[What the task requires]:
Your answer must be the lines from the one containing "u2De[0...1]/1 -> Terminator3/1" through the last line of the records below, copied exactly, with the pictures left out.

____ Exercise input

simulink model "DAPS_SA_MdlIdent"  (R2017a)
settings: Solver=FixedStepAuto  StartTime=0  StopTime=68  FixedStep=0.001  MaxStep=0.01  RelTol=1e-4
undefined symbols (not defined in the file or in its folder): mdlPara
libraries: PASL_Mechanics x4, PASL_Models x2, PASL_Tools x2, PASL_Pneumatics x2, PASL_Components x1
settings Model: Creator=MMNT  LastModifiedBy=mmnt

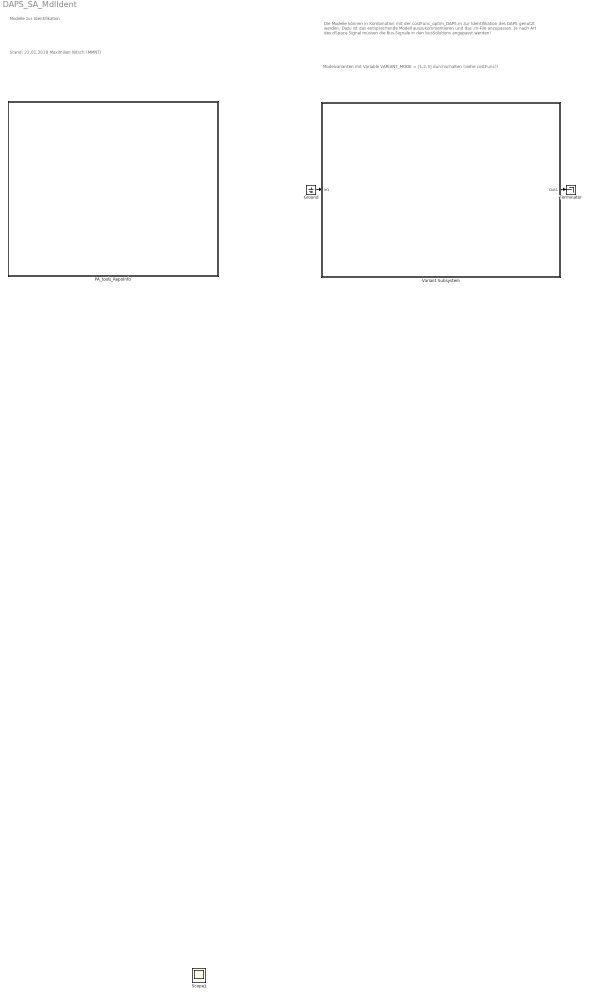
== system DAPS_SA_MdlIdent ==
  note: Modelvarianten mit Variable VARIANT_MODE = [1,2,3] durchschalten (siehe costFunc)!
  note: Die Modelle können in Kombination mit der costFunc_optim_DAPS.m
      | zur Identifikation des DAPS genutzt werden. Dazu ist das entsprechende
      | Modell auszukommentieren und das .m-File anzupassen. Je nach Art des
      | dSpace Signal müssen die Bus-Signale in den busSolutions angepasst werden!
  note: Modelle zur Identifikation
  note: Stand: 22.01.2018
      | Maximilian Nitsch (MMNT)
  Ground : Ground
  PA_tools_RepoInfo : Subsystem  Tag=RevTagSubSys  mask(cover){}
      mask help: mask for library reasons
      settings: OpenFcn=PA_setRepoInfoBlock()
      mask Help: eval(['run(strcat(''',getenv('pasl_simulink'),''',''\documentation\tools\HelpForPaslElements.m''))']);
      mask Display: text(.05,.95,'Project:\n   Rev#:  33\n   RevID: 6ffad1a574bd\n   date:  Thu Jan 25 10:31:59 2018 +0100\n\nPASL:\n   Rev#:  456\n   RevID: 2bc290b3a386\n   date:  Mon Jan 29 08:53:47 2018 +0100\n\nPATL:\n   Rev#:  74\n   RevID: 19f2c7ed23f7\n   date:  Thu Jan 25 10:02:33 2018 +0100','hor','left','ver','top')
  Terminator : Terminator
  Variant Subsystem : Subsystem  Variant=on
  Scope1 : Scope
  wires:
  Ground/1 -> Variant Subsystem/1(In1)
  Variant Subsystem/1(Out1) -> Terminator/1

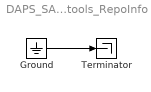
== system DAPS_SA_MdlIdent/PA_tools_RepoInfo ==
  Ground : Ground
  Terminator : Terminator
  wires:
  Ground/1 -> Terminator/1

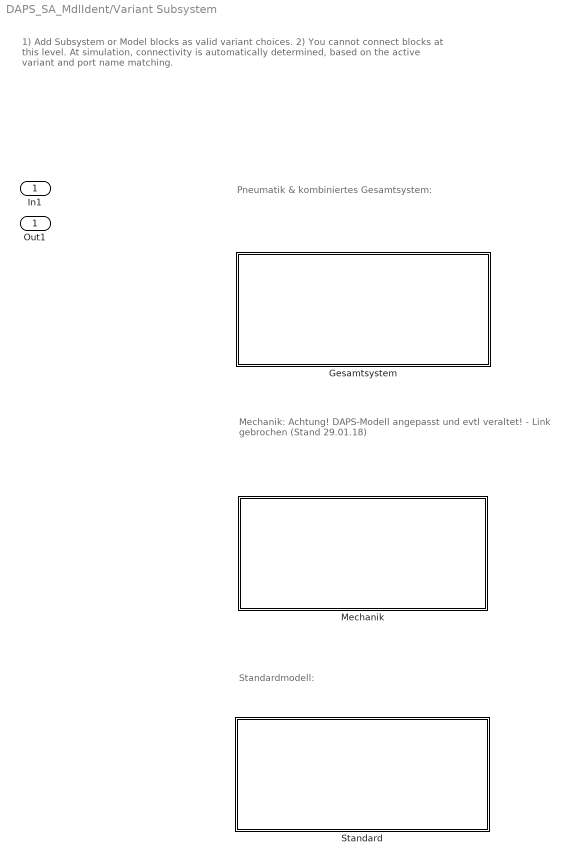
== system DAPS_SA_MdlIdent/Variant Subsystem ==
  note: 1) Add Subsystem or Model blocks as valid variant choices.
      | 2) You cannot connect blocks at this level. At simulation, connectivity is automatically
      | determined, based on the active variant and port name matching.
  note: Pneumatik & kombiniertes Gesamtsystem:
  note: Standardmodell:
  note: Mechanik:
      | Achtung! DAPS-Modell angepasst und evtl veraltet!
      | - Link gebrochen (Stand 29.01.18)
  In1 : Inport
  Gesamtsystem : Subsystem  VariantControl=VARIANT_MODE == 1
  Mechanik : Subsystem  VariantControl=VARIANT_MODE == 2
  Standard : Subsystem  VariantControl=VARIANT_MODE == 3
  Out1 : Outport

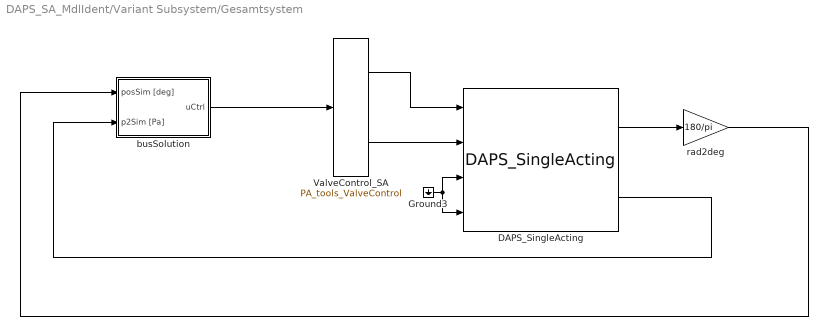
== system DAPS_SA_MdlIdent/Variant Subsystem/Gesamtsystem ==
  DAPS_SingleActing : PASL_Models/DAPS_SingleActing  mdlPara=mdlPara
      settings: SourceProductName=PASL
  Ground3 : Ground
  ValveControl_SA : PASL_Tools/PA_tools_ValveControl
      settings: SourceProductName=PASL
  busSolution : Subsystem  VariantControl=busVariant
  rad2deg : Gain  Gain=180/pi
  wires:
  rad2deg/1 -> busSolution/1(posSim [deg])
  DAPS_SingleActing/1 -> rad2deg/1
  DAPS_SingleActing/2 -> busSolution/2(p2Sim [Pa])
  Ground3/1 -> DAPS_SingleActing/3, DAPS_SingleActing/4
  busSolution/1(uCtrl) -> ValveControl_SA/1
  ValveControl_SA/2 -> DAPS_SingleActing/2
  ValveControl_SA/1 -> DAPS_SingleActing/1

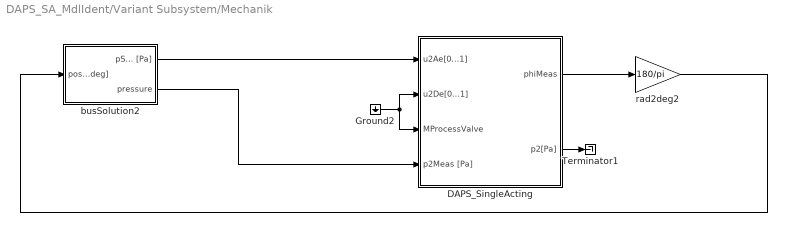
== system DAPS_SA_MdlIdent/Variant Subsystem/Mechanik ==
  DAPS_SingleActing : Subsystem  AncestorBlock=PASL_Models/DAPS_SingleActing  mask(Einfachwirkender DAPS){mdlPara=mdlPara}
      mask prompts: mdlPara "Name of the parameters struct:"
      mask help:
      | Dieses Subsystem beinhaltet das Modell eines
      | einfachwirkenden DAPSs.
      |
      | Zur Initialisierung des Systems kann entweder
      | a) ein vorhandener Parametersatz geladen werden
      | oder
      | b) ein default Datensatz generiert werden.
      | Dabei werden die Daten des DAPS abgefragt
      | und alle aus der Konstruktion bekannten
      | Parameter entsprechend berechnet.
      |
      |
      |
      | 18.01.2018, Maximilian Nitsch (MMNT)
      mask DialogControl Control2 Prompt: Parametersatz laden
      mask DialogControl Control2 Callback:
      | %% Modellparameter laden %%%%%%%%%%%%%%%%%%%%%%%%%%%%%%%%%%%%%%%%%%%%%%%%%%
      | 
      | % get mask parameters
      | maskval = get_param(gcb,'MaskValues');
      | structName = maskval{1};
      | 
      | % load parameters
      | assignin('base',structName,...
      | 	aux_loadMdlPara('DAPS','mdlPara_DAPS-0053-090-RS4-F0507_PSA-01-RT-O-171018-0649.mat')...
      | 	);
      | 
      | % clear section
      | clear maskval structName
      mask DialogControl Control3 Prompt: Parametersatz generieren
      mask DialogControl Control3 Callback:
      | %% Modellparameter laden %%%%%%%%%%%%%%%%%%%%%%%%%%%%%%%%%%%%%%%%%%%%%%%%%%
      | 
      | % get mask parameters
      | maskval = get_param(gcb,'MaskValues');
      | structName = maskval{1};
      | 
      | % load parameters
      | assignin('base',structName,aux_initMdlParaDAPS_SA());
      | 
      | % clear section
      | clear maskval structName
      mask Display:
      | image('DAPS_SingleActing.jpg')
      | 
      | color('black')
      | port_label('input',1,'u2Ae [0...1]')
      | port_label('input',2,'u2De [0...1]')
      | port_label('input',3,'MProcessValve')
      | port_label('input',4,'p2 [Pa] (optional)')
      | 
      | port_label('output',1,'phiMeas [rad]')
      | port_label('output',2,'p2Sim [Pa]')
  Ground2 : Ground
  Terminator1 : Terminator
  busSolution2 : Subsystem  VariantControl=busVariant
  rad2deg2 : Gain  Gain=180/pi
  wires:
  busSolution2/2(pressure) -> DAPS_SingleActing/4(p2Meas [Pa])
  rad2deg2/1 -> busSolution2/1(posSim [deg])
  busSolution2/1(pSoll [Pa]) -> DAPS_SingleActing/1(u2Ae[0...1])
  Ground2/1 -> DAPS_SingleActing/3("MProcessValve "), DAPS_SingleActing/2(u2De[0...1])
  DAPS_SingleActing/2(p2[Pa]) -> Terminator1/1
  DAPS_SingleActing/1("phiMeas ") -> rad2deg2/1

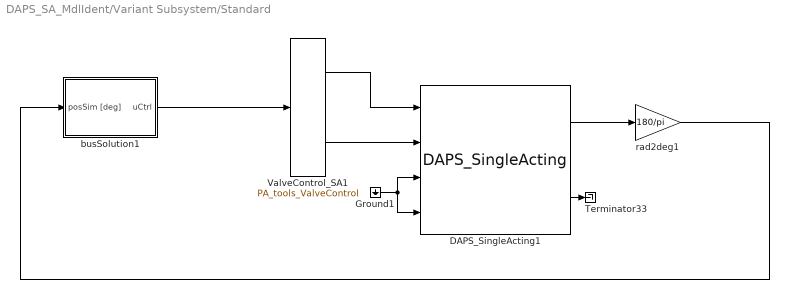
== system DAPS_SA_MdlIdent/Variant Subsystem/Standard ==
  DAPS_SingleActing1 : PASL_Models/DAPS_SingleActing  mdlPara=mdlPara
      settings: SourceProductName=PASL
  Ground1 : Ground
  Terminator33 : Terminator
  ValveControl_SA1 : PASL_Tools/PA_tools_ValveControl
      settings: SourceProductName=PASL
  busSolution1 : Subsystem  VariantControl=busVariant
  rad2deg1 : Gain  Gain=180/pi
  wires:
  rad2deg1/1 -> busSolution1/1(posSim [deg])
  Ground1/1 -> DAPS_SingleActing1/4, DAPS_SingleActing1/3
  ValveControl_SA1/2 -> DAPS_SingleActing1/2
  ValveControl_SA1/1 -> DAPS_SingleActing1/1
  busSolution1/1(uCtrl) -> ValveControl_SA1/1
  DAPS_SingleActing1/1 -> rad2deg1/1
  DAPS_SingleActing1/2 -> Terminator33/1

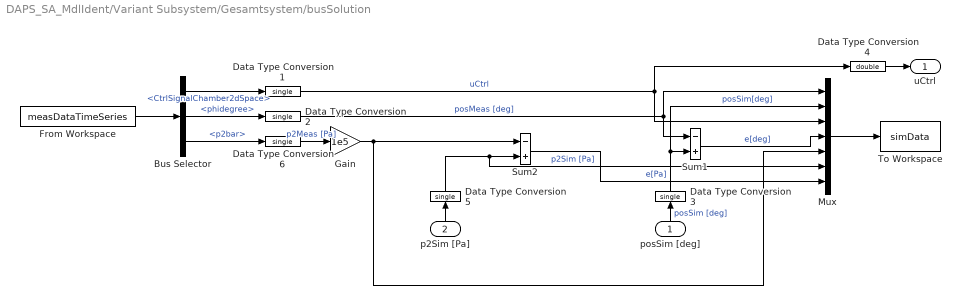
== system DAPS_SA_MdlIdent/Variant Subsystem/Gesamtsystem/busSolution ==
  posSim [deg] : Inport
  p2Sim [Pa] : Inport  Port=2
  Bus Selector : BusSelector  OutputSignals=CtrlSignalChamber2dSpace,phidegree,p2bar
  Data Type Conversion{1..3,5..6} (5 alike) : DataTypeConversion  OutDataTypeStr=single
  Data Type Conversion4 : DataTypeConversion  OutDataTypeStr=double
  From Workspace : FromWorkspace  VariableName=measDataTimeSeries  OutDataTypeStr=Bus: busMeasData  SampleTime=0  OutputAfterFinalValue=Setting to zero
  Gain : Gain  Gain=1e5
  Mux : Mux  Inputs=7
  Sum1 : Sum  Inputs=-+
  Sum2 : Sum  Inputs=-+
  To Workspace : ToWorkspace  VariableName=simData  SaveFormat=Structure With Time  SampleTime=-1
  uCtrl : Outport
  wires:
  Data Type Conversion4/1 -> uCtrl/1
  Data Type Conversion3/1 -> Mux/2, Sum1/2  "posSim[deg]"
  Data Type Conversion2/1 -> Sum1/1, Mux/1  "posMeas [deg]"
  Data Type Conversion1/1 -> Data Type Conversion4/1, Mux/3  "uCtrl"
  Mux/1 -> To Workspace/1
  Sum1/1 -> Mux/4  "e[deg]"
  posSim [deg]/1 -> Data Type Conversion3/1  "posSim [deg]"
  From Workspace/1 -> Bus Selector/1
  Bus Selector/1 -> Data Type Conversion1/1  "<CtrlSignalChamber2dSpace>"
  Bus Selector/2 -> Data Type Conversion2/1  "<phidegree>"
  Bus Selector/3 -> Data Type Conversion6/1  "<p2bar>"
  p2Sim [Pa]/1 -> Data Type Conversion5/1
  Data Type Conversion6/1 -> Gain/1  "p2Meas [Pa]"
  Data Type Conversion5/1 -> Mux/6, Sum2/2  "p2Sim [Pa]"
  Sum2/1 -> Mux/7  "e[Pa]"
  Gain/1 -> Sum2/1, Mux/5

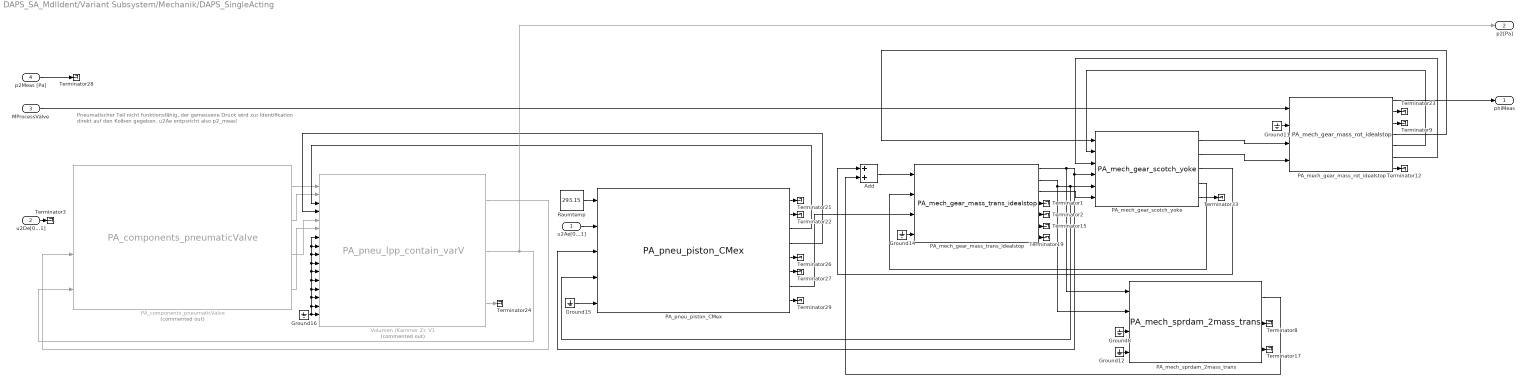
== system DAPS_SA_MdlIdent/Variant Subsystem/Mechanik/DAPS_SingleActing ==
  note: Pneumatischer Teil nicht funktionsfähig, der gemessene Druck wird zur Identifikation
      | direkt auf den Kolben gegeben. u2Ae entpsricht also p2_meas!
  u2Ae[0...1] : Inport
  u2De[0...1] : Inport  Port=2
  "MProcessValve " : Inport  Port=3
  p2Meas [Pa] : Inport  Port=4
  Add : Sum
  Ground{8,11..12,14..16} (6 alike) : Ground
  PA_components_pneumaticValve : PASL_Components/PA_components_pneumaticValve  Commented=on  b=mdlPara.b  C=mdlPara.C2  pv=mdlPara.pv  pu=mdlPara.pu  Tu=mdlPara.Tu  R=mdlPara.R  n=mdlPara.n  smoothFact=mdlPara.smoothFac
      settings: SourceProductName=PASL
  PA_mech_gear_mass_rot_idealstop : PASL_Mechanics/Gear Elements/PA_mech_gear_mass_rot_idealstop  Tag=RB_mech_gear_mass_rot_idealstop  phiinit=mdlPara.Phi0  phidotinit=mdlPara.Phidot0  J=mdlPara.Inertia  drot1=mdlPara.PinionViscFri  drot2=0.0  drot3=0.0  phidotstri=mdlPara.PinionStribeckVel  Mstick=mdlPara.PinionMstick  Mslip=mdlPara.PinionMcoulomb  phimin=mdlPara.PhiMin  phimax=mdlPara.PhiMax
      settings: SourceProductName=PASL
  PA_mech_gear_mass_trans_idealstop : PASL_Mechanics/Gear Elements/PA_mech_gear_mass_trans_idealstop  Tag=RB_mech_gear_mass_rot_idealstop  xinit=mdlPara.z0  xdotinit=mdlPara.v0  m=mdlPara.mass  dtrans1=mdlPara.viscFriCoeff1  dtrans2=0.0  dtrans3=0.0  xdotstri=mdlPara.stribeckVel  Fstick=mdlPara.Fstick  Fslip=mdlPara.Fcoulomb  xmin=mdlPara.zMin  xmax=mdlPara.zMax
      settings: SourceProductName=PASL
  PA_mech_gear_scotch_yoke : PASL_Mechanics/Gear Elements/PA_mech_gear_scotch_yoke  Tag=PA_mech_gear_rack  e1=mdlPara.e1  e2=mdlPara.e2  lot=0  xMin=mdlPara.xMin  dx0=0  cintern=mdlPara.cx  dintern=mdlPara.dx  Fdmax=200  eta=1  etamode=mode 2: exact
      settings: SourceProductName=PASL
  PA_mech_sprdam_2mass_trans : PASL_Mechanics/Spring and Damping Elements/PA_mech_sprdam_2mass_trans  Tag=PA_mech_sprdam_2mass_trans  ctrans=mdlPara.c  dtrans=mdlPara.d  x0=mdlPara.zfZero  lot=mdlPara.transLot
      settings: SourceProductName=PASL
  PA_pneu_piston_CMex : PASL_Pneumatics/Pistons/PA_pneu_piston_CMex  d_out=mdlPara.dOut  d_in=mdlPara.dIn  p0=mdlPara.pu  x_0=mdlPara.initChamberLength
      settings: SourceProductName=PASL
  Raumtemp : Constant  Value=293.15
  Terminator{1..3,8..9,12,15,17,19,21..24,26..29,33} (18 alike) : Terminator
  Volumen (Kammer 2): V1 : PASL_Pneumatics/Volumes/PA_pneu_lpp_contain_varV  Commented=on  p0=mdlPara.p02  T0=mdlPara.Tu  V0=mdlPara.V0  K=mdlPara.heatExCoeff  A=mdlPara.heatExArea  Tw=mdlPara.Tu  R=mdlPara.R  kappa=mdlPara.n  temp_effects=without temperature effects
      settings: SourceProductName=PASL
  "phiMeas " : Outport
  p2[Pa] : Outport  Port=2
  wires:
  p2Meas [Pa]/1 -> Terminator28/1
  PA_mech_gear_mass_trans_idealstop/2 -> PA_pneu_piston_CMex/4, PA_mech_gear_scotch_yoke/5, PA_mech_sprdam_2mass_trans/2
  PA_mech_gear_mass_trans_idealstop/1 -> PA_pneu_piston_CMex/3, PA_mech_gear_scotch_yoke/4, PA_mech_sprdam_2mass_trans/1
  PA_mech_gear_scotch_yoke/4 -> PA_mech_gear_mass_trans_idealstop/2
  PA_mech_gear_mass_trans_idealstop/6 -> Terminator15/1
  PA_mech_gear_mass_trans_idealstop/7 -> Terminator19/1
  PA_mech_gear_scotch_yoke/3 -> Add/1
  PA_mech_gear_mass_rot_idealstop/7 -> Terminator12/1
  PA_mech_gear_mass_rot_idealstop/3 -> Terminator9/1
  PA_mech_sprdam_2mass_trans/1 -> Add/2
  PA_mech_gear_mass_rot_idealstop/6 -> PA_mech_gear_scotch_yoke/3
  PA_mech_sprdam_2mass_trans/3 -> Terminator17/1
  PA_mech_gear_scotch_yoke/2 -> PA_mech_gear_mass_rot_idealstop/4
  Ground11/1 -> PA_mech_gear_mass_rot_idealstop/2
  PA_mech_gear_mass_rot_idealstop/1 -> "phiMeas "/1
  PA_mech_sprdam_2mass_trans/2 -> Terminator8/1
  PA_mech_gear_mass_rot_idealstop/5 -> PA_mech_gear_scotch_yoke/2
  Add/1 -> PA_mech_gear_mass_trans_idealstop/1
  PA_mech_gear_mass_rot_idealstop/2 -> Terminator23/1
  PA_mech_gear_mass_rot_idealstop/4 -> PA_mech_gear_scotch_yoke/1
  Ground12/1 -> PA_mech_sprdam_2mass_trans/4
  PA_mech_gear_scotch_yoke/1 -> PA_mech_gear_mass_rot_idealstop/3
  Ground8/1 -> PA_mech_sprdam_2mass_trans/3
  Ground14/1 -> PA_mech_gear_mass_trans_idealstop/4
  PA_pneu_piston_CMex/7 -> PA_mech_gear_mass_trans_idealstop/3
  Ground15/1 -> PA_pneu_piston_CMex/5
  PA_pneu_piston_CMex/1 -> Terminator21/1
  PA_pneu_piston_CMex/2 -> Terminator22/1
  PA_pneu_piston_CMex/5 -> Terminator26/1
  PA_pneu_piston_CMex/6 -> Terminator27/1
  PA_pneu_piston_CMex/8 -> Terminator29/1
  PA_mech_gear_scotch_yoke/5 -> Terminator33/1
  PA_components_pneumaticValve/1 -> Volumen (Kammer 2): V1/1
  PA_components_pneumaticValve/2 -> Volumen (Kammer 2): V1/2
  PA_components_pneumaticValve/3 -> Volumen (Kammer 2): V1/5
  PA_components_pneumaticValve/4 -> Volumen (Kammer 2): V1/6
  Ground16/1 -> Volumen (Kammer 2): V1/7, Volumen (Kammer 2): V1/8, Volumen (Kammer 2): V1/9, Volumen (Kammer 2): V1/10, Volumen (Kammer 2): V1/11, Volumen (Kammer 2): V1/12, Volumen (Kammer 2): V1/13, Volumen (Kammer 2): V1/14, Volumen (Kammer 2): V1/15, Volumen (Kammer 2): V1/16
  PA_pneu_piston_CMex/3 -> Volumen (Kammer 2): V1/3
  PA_pneu_piston_CMex/4 -> Volumen (Kammer 2): V1/4
  Volumen (Kammer 2): V1/2 -> p2[Pa]/1, PA_components_pneumaticValve/4
  Volumen (Kammer 2): V1/1 -> PA_components_pneumaticValve/3
  Volumen (Kammer 2): V1/3 -> Terminator24/1
  "MProcessValve "/1 -> PA_mech_gear_mass_rot_idealstop/1
  PA_mech_gear_mass_trans_idealstop/3 -> PA_mech_gear_scotch_yoke/6
  PA_mech_gear_mass_trans_idealstop/4 -> Terminator1/1
  PA_mech_gear_mass_trans_idealstop/5 -> Terminator2/1
  Raumtemp/1 -> PA_pneu_piston_CMex/1
  u2Ae[0...1]/1 -> PA_pneu_piston_CMex/2
  u2De[0...1]/1 -> Terminator3/1

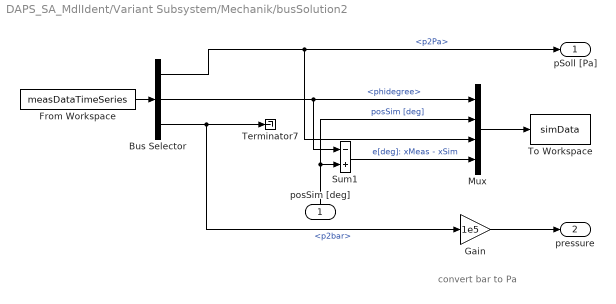
== system DAPS_SA_MdlIdent/Variant Subsystem/Mechanik/busSolution2 ==
  note: convert bar to Pa
  posSim [deg] : Inport
  Bus Selector : BusSelector  OutputSignals=p2Pa,phidegree,p2bar
  From Workspace : FromWorkspace  VariableName=measDataTimeSeries  OutDataTypeStr=Bus: busMeasData  SampleTime=0  OutputAfterFinalValue=Setting to zero
  Gain : Gain  Gain=1e5
  Mux : Mux
  Sum1 : Sum  Inputs=-+
  Terminator7 : Terminator
  To Workspace : ToWorkspace  VariableName=simData  SaveFormat=Structure With Time  SampleTime=-1
  pSoll [Pa] : Outport
  pressure : Outport  Port=2
  wires:
  Mux/1 -> To Workspace/1
  Sum1/1 -> Mux/4  "e[deg]: xMeas - xSim"
  posSim [deg]/1 -> Mux/2, Sum1/2  "posSim [deg]"
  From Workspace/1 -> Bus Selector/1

________

[Expected output]:
  u2De[0...1]/1 -> Terminator3/1

== system DAPS_SA_MdlIdent/Variant Subsystem/Mechanik/busSolution2 ==
  note: convert bar to Pa
  posSim [deg] : Inport
  Bus Selector : BusSelector  OutputSignals=p2Pa,phidegree,p2bar
  From Workspace : FromWorkspace  VariableName=measDataTimeSeries  OutDataTypeStr=Bus: busMeasData  SampleTime=0  OutputAfterFinalValue=Setting to zero
  Gain : Gain  Gain=1e5
  Mux : Mux
  Sum1 : Sum  Inputs=-+
  Terminator7 : Terminator
  To Workspace : ToWorkspace  VariableName=simData  SaveFormat=Structure With Time  SampleTime=-1
  pSoll [Pa] : Outport
  pressure : Outport  Port=2
  wires:
  Mux/1 -> To Workspace/1
  Sum1/1 -> Mux/4  "e[deg]: xMeas - xSim"
  posSim [deg]/1 -> Mux/2, Sum1/2  "posSim [deg]"
  From Workspace/1 -> Bus Selector/1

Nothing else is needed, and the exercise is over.